A few years ago, my dad, sister, and I decided to do the Resolution Run on New Year's Eve. It was a 5K.
It being Idaho, New Year's Eve at midnight was not a super great time to be outside. The wind was absolutely howling. We were either running in ankle-deep snow or on fully frozen ice.
We had to basically run two huge loops. Around once, and around the second time. I had been training, so I was confident and didn't feel horrible about it. I wore proper gear and all.
But that icy wind - dang. That sucked. And it hit us whenever we curved southward. It was blowing so hard, and with the ice, it almost felt like we were trying to climb a sand dune - not a ton of quick pacing during those parts.
Lex and I decided to yell at the wind to get through that challenging part of the race.
"Bring it on, beyotch! You think you can intimidate us with your roaring??" I bellowed.
"We're Idaho Girls, Idiot Wind! Do you really think you can hurt us with your ice blasts?!?" screamed Lex.
"Your wind is like mother's milk to us! We were weaned on it! Ain't nothing you can throw at us that we haven't seen!" I roared.
"We are stronger than you. We are still going to make crazy awesome time. We are gonna kick this race's butt!!" howled Lex.
Dad was with us, but he is more of a stoic runner. Haha!
Anyways, yelling at the wind - challenging the wind - was really empowering. We got through it just fine and now have something cool we can tell our grandkids about. (I can also tell my grandkids that my sister took such good care of their daddy when grandma was sick. That in just two weeks in her care, he started learning to respond when people talked to him. That he learned to share. That he started instigating 3 to 4 word sentences. That a miracle took place because my sister made this sacrifice for me. I'll never forget what you did for me, Lex. Not until the day I die.)

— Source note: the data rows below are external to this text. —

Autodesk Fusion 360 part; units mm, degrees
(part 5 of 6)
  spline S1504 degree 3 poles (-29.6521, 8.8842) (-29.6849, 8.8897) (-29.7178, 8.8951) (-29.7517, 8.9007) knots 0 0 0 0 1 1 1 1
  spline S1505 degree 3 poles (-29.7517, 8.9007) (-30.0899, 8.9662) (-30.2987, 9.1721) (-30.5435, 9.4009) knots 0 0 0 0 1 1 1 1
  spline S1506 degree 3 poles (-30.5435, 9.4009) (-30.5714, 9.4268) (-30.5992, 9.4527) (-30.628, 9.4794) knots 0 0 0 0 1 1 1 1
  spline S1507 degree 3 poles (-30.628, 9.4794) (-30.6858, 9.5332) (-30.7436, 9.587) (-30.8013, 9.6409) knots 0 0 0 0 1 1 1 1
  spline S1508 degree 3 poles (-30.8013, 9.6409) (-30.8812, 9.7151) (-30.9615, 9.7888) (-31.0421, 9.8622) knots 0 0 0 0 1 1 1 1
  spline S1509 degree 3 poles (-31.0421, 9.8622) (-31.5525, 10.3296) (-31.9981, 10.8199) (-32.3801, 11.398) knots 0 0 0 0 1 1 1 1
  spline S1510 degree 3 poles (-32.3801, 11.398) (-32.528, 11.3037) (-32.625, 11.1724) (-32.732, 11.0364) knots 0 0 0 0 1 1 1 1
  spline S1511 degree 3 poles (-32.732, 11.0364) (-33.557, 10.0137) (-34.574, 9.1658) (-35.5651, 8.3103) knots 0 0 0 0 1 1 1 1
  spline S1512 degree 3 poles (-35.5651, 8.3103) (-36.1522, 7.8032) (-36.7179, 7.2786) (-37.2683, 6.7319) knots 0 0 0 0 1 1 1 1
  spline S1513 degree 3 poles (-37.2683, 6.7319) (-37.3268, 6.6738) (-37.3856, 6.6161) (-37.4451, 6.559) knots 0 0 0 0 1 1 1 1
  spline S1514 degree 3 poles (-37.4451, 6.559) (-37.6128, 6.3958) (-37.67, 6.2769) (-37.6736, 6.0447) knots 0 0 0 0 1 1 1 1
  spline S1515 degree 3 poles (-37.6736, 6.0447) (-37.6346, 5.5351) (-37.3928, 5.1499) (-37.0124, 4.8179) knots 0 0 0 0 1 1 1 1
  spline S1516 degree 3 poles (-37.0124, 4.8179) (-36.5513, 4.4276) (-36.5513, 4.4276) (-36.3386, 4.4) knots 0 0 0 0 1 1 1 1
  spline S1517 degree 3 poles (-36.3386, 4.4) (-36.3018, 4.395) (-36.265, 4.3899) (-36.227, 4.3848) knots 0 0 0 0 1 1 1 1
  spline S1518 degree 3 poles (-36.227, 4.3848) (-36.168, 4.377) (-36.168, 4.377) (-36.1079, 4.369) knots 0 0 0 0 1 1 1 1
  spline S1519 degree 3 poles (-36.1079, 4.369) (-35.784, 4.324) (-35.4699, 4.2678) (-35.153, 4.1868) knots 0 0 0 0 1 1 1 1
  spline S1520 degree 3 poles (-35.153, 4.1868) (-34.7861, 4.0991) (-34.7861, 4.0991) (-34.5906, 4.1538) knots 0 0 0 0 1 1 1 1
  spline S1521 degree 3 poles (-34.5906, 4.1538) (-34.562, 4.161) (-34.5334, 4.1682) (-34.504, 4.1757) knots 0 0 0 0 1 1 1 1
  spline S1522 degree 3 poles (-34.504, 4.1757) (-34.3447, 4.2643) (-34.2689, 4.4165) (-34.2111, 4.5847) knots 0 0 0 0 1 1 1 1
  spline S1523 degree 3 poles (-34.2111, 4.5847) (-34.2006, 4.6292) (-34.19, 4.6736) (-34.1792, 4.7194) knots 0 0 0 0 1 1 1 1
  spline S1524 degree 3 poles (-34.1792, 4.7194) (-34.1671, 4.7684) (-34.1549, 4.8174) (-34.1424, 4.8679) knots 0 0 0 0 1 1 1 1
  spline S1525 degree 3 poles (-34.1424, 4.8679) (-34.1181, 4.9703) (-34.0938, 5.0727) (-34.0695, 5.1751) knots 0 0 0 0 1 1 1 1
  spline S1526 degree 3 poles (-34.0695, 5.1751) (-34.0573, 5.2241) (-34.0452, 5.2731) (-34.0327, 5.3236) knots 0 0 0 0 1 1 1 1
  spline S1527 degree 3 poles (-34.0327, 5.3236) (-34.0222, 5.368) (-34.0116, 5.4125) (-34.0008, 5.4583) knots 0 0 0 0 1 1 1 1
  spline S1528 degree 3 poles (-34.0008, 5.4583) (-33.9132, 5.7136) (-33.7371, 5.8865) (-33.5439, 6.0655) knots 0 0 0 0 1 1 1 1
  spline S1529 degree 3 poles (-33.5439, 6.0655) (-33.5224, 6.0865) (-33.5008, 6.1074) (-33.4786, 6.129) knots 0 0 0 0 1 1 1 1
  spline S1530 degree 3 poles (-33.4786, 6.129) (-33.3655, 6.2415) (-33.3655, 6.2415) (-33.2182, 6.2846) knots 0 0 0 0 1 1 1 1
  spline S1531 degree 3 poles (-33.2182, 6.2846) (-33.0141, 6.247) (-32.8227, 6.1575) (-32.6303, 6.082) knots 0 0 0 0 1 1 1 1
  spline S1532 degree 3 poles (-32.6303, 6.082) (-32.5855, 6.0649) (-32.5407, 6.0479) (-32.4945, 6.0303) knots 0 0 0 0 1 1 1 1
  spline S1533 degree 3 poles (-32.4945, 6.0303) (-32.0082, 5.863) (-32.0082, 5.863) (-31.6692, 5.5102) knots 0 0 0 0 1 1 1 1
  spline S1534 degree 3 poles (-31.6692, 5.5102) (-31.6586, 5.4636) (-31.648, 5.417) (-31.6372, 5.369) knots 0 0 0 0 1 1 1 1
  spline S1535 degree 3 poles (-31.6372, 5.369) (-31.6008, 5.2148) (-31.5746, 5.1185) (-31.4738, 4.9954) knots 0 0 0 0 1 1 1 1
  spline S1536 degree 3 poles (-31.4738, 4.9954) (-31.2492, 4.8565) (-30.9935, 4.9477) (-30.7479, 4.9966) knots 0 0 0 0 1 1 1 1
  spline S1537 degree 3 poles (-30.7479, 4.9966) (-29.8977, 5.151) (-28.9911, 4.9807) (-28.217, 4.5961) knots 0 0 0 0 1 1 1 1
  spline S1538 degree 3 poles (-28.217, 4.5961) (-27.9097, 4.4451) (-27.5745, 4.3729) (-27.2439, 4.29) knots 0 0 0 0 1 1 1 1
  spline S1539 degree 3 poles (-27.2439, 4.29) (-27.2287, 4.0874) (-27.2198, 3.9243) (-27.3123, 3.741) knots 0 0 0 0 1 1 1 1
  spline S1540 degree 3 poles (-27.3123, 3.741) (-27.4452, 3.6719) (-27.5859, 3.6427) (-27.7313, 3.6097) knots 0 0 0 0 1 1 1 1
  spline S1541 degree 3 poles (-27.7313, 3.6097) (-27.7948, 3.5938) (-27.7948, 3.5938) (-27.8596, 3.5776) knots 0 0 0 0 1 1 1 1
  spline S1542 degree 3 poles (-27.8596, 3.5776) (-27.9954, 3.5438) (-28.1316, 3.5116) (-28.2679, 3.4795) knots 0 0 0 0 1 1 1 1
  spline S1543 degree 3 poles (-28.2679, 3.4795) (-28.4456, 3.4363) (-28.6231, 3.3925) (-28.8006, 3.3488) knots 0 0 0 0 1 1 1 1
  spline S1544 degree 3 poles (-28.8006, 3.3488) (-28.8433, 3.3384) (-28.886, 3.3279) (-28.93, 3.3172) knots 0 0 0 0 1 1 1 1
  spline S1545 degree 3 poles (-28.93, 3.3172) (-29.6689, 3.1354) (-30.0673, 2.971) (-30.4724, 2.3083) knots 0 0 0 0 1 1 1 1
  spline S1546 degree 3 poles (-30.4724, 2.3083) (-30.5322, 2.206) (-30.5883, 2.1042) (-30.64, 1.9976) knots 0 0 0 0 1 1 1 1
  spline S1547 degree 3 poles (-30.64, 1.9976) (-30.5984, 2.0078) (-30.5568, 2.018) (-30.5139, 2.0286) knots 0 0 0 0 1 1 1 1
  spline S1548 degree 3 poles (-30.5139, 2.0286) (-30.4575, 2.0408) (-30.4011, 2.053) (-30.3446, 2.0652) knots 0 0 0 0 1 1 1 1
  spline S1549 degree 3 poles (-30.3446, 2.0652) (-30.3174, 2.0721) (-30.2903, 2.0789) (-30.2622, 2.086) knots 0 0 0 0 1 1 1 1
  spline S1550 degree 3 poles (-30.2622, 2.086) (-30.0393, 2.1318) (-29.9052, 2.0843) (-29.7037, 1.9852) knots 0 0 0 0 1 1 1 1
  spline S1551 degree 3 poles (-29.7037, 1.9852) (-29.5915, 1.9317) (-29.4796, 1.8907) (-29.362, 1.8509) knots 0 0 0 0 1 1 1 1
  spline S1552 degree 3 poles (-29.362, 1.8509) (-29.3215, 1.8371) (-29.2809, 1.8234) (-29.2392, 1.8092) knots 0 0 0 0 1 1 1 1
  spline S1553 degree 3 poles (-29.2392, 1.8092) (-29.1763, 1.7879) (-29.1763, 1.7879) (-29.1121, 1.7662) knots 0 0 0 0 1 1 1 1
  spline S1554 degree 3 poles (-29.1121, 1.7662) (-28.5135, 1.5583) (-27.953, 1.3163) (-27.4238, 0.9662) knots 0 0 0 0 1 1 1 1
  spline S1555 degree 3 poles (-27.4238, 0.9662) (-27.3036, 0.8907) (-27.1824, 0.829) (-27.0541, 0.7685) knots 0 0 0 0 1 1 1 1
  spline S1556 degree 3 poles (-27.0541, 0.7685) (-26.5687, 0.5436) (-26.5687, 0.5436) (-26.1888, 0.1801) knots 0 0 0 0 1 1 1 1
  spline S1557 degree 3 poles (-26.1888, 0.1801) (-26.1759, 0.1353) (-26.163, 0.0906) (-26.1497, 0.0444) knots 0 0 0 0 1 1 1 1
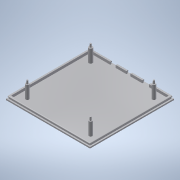
# Autodesk Inventor part: Enclosure_bottom
Saved by Autodesk Inventor 2022.3 (Build 263350000, 350)
## iProperties
Created: 2022-06-20
Part Number: Enclosure_bottom
Material: ABS Plastic
Document SubType Name: Modeling
Designer: abmos
Density: 1.06 g/cm^3
Appearance: Smooth - White
Author: abmos
Autodesk Inventor part; units mm, degrees
ref_plane "YZ Plane" through (0, 0, 0) normal (1, 0, 0) x (0, 1, 0)
ref_plane "XZ Plane" through (0, 0, 0) normal (0, 1, 0) x (-1, 0, 0)
ref_plane "XY Plane" through (0, 0, 0) normal (0, 0, 1) x (1, 0, 0)
sketch "Bottom_profile" plane through (0, 0, 0) normal (0, 1, 0) x (-1, 0, 0)
  line L0 (65, 65) -> (-65, 65)
  line L1 (-65, 65) -> (-65, -65)
  line L2 (-65, -65) -> (65, -65)
  line L3 (65, -65) -> (65, 65)
  line L4 (65, 65) -> (-65, -65) construction
  line L5 (-65, 65) -> (65, -65) construction
  point P0 (0, 0)
  dimension "Enclosure_width" = 130
  dimension "Enclosure_height" = 130
  constraints: 12 end point, 2 midpoint, 2 parallel, 1 horizontal, 1 perpendicular
  measures "Enclosure_width" distance of L2.end L1.end
  measures "Enclosure_height" distance of L1.end L0.end
extrude "Bottom" add sketch "Bottom_profile" along normal blind 2
sketch "Wall_profile" plane through (0, 2, 0) normal (0, 1, 0) x (1, 0, 0)
  line L0 (65, -65) -> (65, 65) projected
  line L1 (65, 65) -> (-65, 65) projected
  line L2 (-65, 65) -> (-65, -65) projected
  line L3 (-65, -65) -> (65, -65) projected
  line L4 (-63, 63) -> (63, 63)
  line L5 (63, 63) -> (63, -63)
  line L6 (63, -63) -> (-63, -63)
  line L7 (-63, -63) -> (-63, 63)
  line L8 (61, 61) -> (-61, 61)
  line L9 (-61, 61) -> (-61, -61)
  line L10 (-61, -61) -> (61, -61)
  line L11 (61, -61) -> (61, 61)
  point P0 (0, 0)
  dimension "Wall_from_outer" = 2
  dimension "Wall_thickness" = 2
  constraints: 16 end point, 6 other
  measures "Wall_from_outer" distance between parallel lines of L1 L4
  measures "Wall_thickness" distance between parallel lines of L4 L8
extrude "Walls" add sketch "Wall_profile" along normal blind 4 contours L4 L5 L6 L7
sketch "Lip_front_profile" plane through (63, 2, 63) normal (1, 0, 0) x (0, 0, -1)
  line L0 (0, 0) -> (0, 4) projected
  arc A0 (0, 4) -> (0, 2) centre (0, 3) ccw
  line L1 (0, 3) -> (0, 4) construction
  line L2 (0, 3) -> (1, 3) construction
  line L3 (0, 3) -> (0, 2) construction
  line L4 (0, 4) -> (126, 4) projected
  line L5 (2, 4) -> (124, 4) construction
  line L6 (128, 0) -> (-2, 0) construction
  point P0 (63, -2)
  point P1 (0, 4)
  point P2 (0, 2)
  dimension "Lip_diameter" = 1
  dimension "d9" = 90
  dimension "d10" = 180
  dimension "d11" = 1
  constraints: 6 end point, 2 point on circle, 1 centre point, 1 horizontal, 1 perpendicular, 1 point on line
  measures "Lip_diameter" radius of A0
  measures "d9" angle of L2 L1
  measures "d10" angle of L3 L1
  measures "d11" distance from line of L4 L1.start
extrude "Lip_front" add sketch "Lip_front_profile" against normal up to surface (126 mm away)
revolve "Lip_corner" add sketch "Lip_front_profile" angle 90 about axis through (63, 2, 63) along (0, 1, 0)
pattern_circular "Lip_mirroring" count 4 over 360 about axis through (0, -10, 0) along (0, 1, 0) of "Lip_front", "Lip_corner"
sketch "PCB_mounting_holes" plane through (0, 2, 0) normal (0, 1, 0) x (1, 0, 0)
  ellipse E0 centre (49.4971, -48.607) end of major axis (48.1662, -47.7189) minor radius 1.6 projected
  ellipse E1 centre (-48.5028, -48.5929) end of major axis (-49.8337, -47.7048) minor radius 1.6 projected
  ellipse E2 centre (49.5112, 49.393) end of major axis (48.1803, 50.2811) minor radius 1.6 projected
  ellipse E3 centre (-48.4888, 49.4071) end of major axis (-49.8197, 50.2952) minor radius 1.6 projected
  point P0 (0, 0)
  constraints: 4 other
extrude "PCB_post_inner" add sketch "PCB_mounting_holes" along normal blind 25 draft -1
sketch "PCB_post_outer_offsets" plane through (0, 2, 0) normal (0, 1, 0) x (1, 0, 0)
  circle A0 centre (-48.4879, 49.4084) radius 1.6 projected
  circle A1 centre (-48.4879, -48.5916) radius 1.6 projected
  circle A2 centre (49.5121, -48.5916) radius 1.6 projected
  circle A3 centre (49.5121, 49.4084) radius 1.6 projected
  circle A4 centre (-48.4879, 49.4084) radius 2.6
  circle A5 centre (-48.4879, 49.4084) radius 2.952
  circle A6 centre (-48.4879, -48.5916) radius 2.6
  circle A7 centre (49.5121, -48.5916) radius 2.6
  circle A8 centre (49.5121, 49.4084) radius 2.6
  point P0 (0, 0)
  dimension "d26" = 1
  dimension "d27" = 1
  dimension "d29" = 1
  dimension "d30" = 1
  constraints: 5 centre point
  measures "d26" radial gap between concentric circles of A0 A4
  measures "d27" radial gap between concentric circles of A1 A6
  measures "d29" radial gap between concentric circles of A3 A8
  measures "d30" radial gap between concentric circles of A2 A7
extrude "PCB_post_outer" add sketch "PCB_post_outer_offsets" along normal blind 20 contours A0 | A1 | A2 | A3 | A4 | A5 | A6 | A7 | A8
sketch "Sketch8" plane through (0, 6, 0) normal (0, 1, 0) x (1, 0, 0)
  line L0 (30.32, 60.0205) -> (19.9076, 60.0205)
  line L1 (19.9076, 60.0205) -> (19.9076, 65.3385)
  line L2 (19.9076, 65.3385) -> (30.32, 65.3385)
  line L3 (30.32, 65.3385) -> (30.32, 60.0205)
  line L4 (1.6581, 60.0205) -> (-4.6585, 60.0205)
  line L5 (-4.6585, 60.0205) -> (-4.6585, 65.3385)
  line L6 (-4.6585, 65.3385) -> (1.6581, 65.3385)
  line L7 (1.6581, 65.3385) -> (1.6581, 60.0205)
  line L8 (-21.1609, 60.0205) -> (-29.7673, 60.0205)
  line L9 (-29.7673, 60.0205) -> (-29.7673, 65.3385)
  line L10 (-29.7673, 65.3385) -> (-21.1609, 65.3385)
  line L11 (-21.1609, 65.3385) -> (-21.1609, 60.0205)
  point P0 (0, 0)
  constraints: 24 end point, 6 parallel, 4 point on line, 3 horizontal, 3 perpendicular
extrude "Extrusion7" cut sketch "Sketch8" against normal blind 4
equation "\"d11\" = Lip_diameter"
equation "\"d27\" = d26"
equation "\"d29\" = d26"
equation "\"d30\" = d26"
body "Solid1"

So tonight, on Chemo Eve, I am shouting at my cancer.
Bring it on, you sneaky little bitch.
You think you're going to take me early? Not a chance in hell. I WILL beat you. I will live to watch my kids get married. I will be the coolest grandma on the planet. My kids will be my best friends.
Ben and I are going to grow old together. So you can forget about taking me.
I am a force to be reckoned with. Just because I'm a peacemaker does NOT make me a quitter.
Be gone, I say.
You know who you're dealing with, right? I've been through some hard-core stuff. I wouldn't roll over and take it then. I certainly won't roll over and take it now.
In a year, to quote Iggy Azalea, "I'll have 99 problems, but you won't be one; like, WHAT?" (That's
rapper talk right there.)
This chemo will be horrible, but it's like a sword in this battle. Chemo and I are going to SLAY you, dragon. And then my hair will grow. And my strength will return. I'll have gorgeous, perky boobs. And I'll be skinny. Rock on. And I will emerge victorious and triumphant.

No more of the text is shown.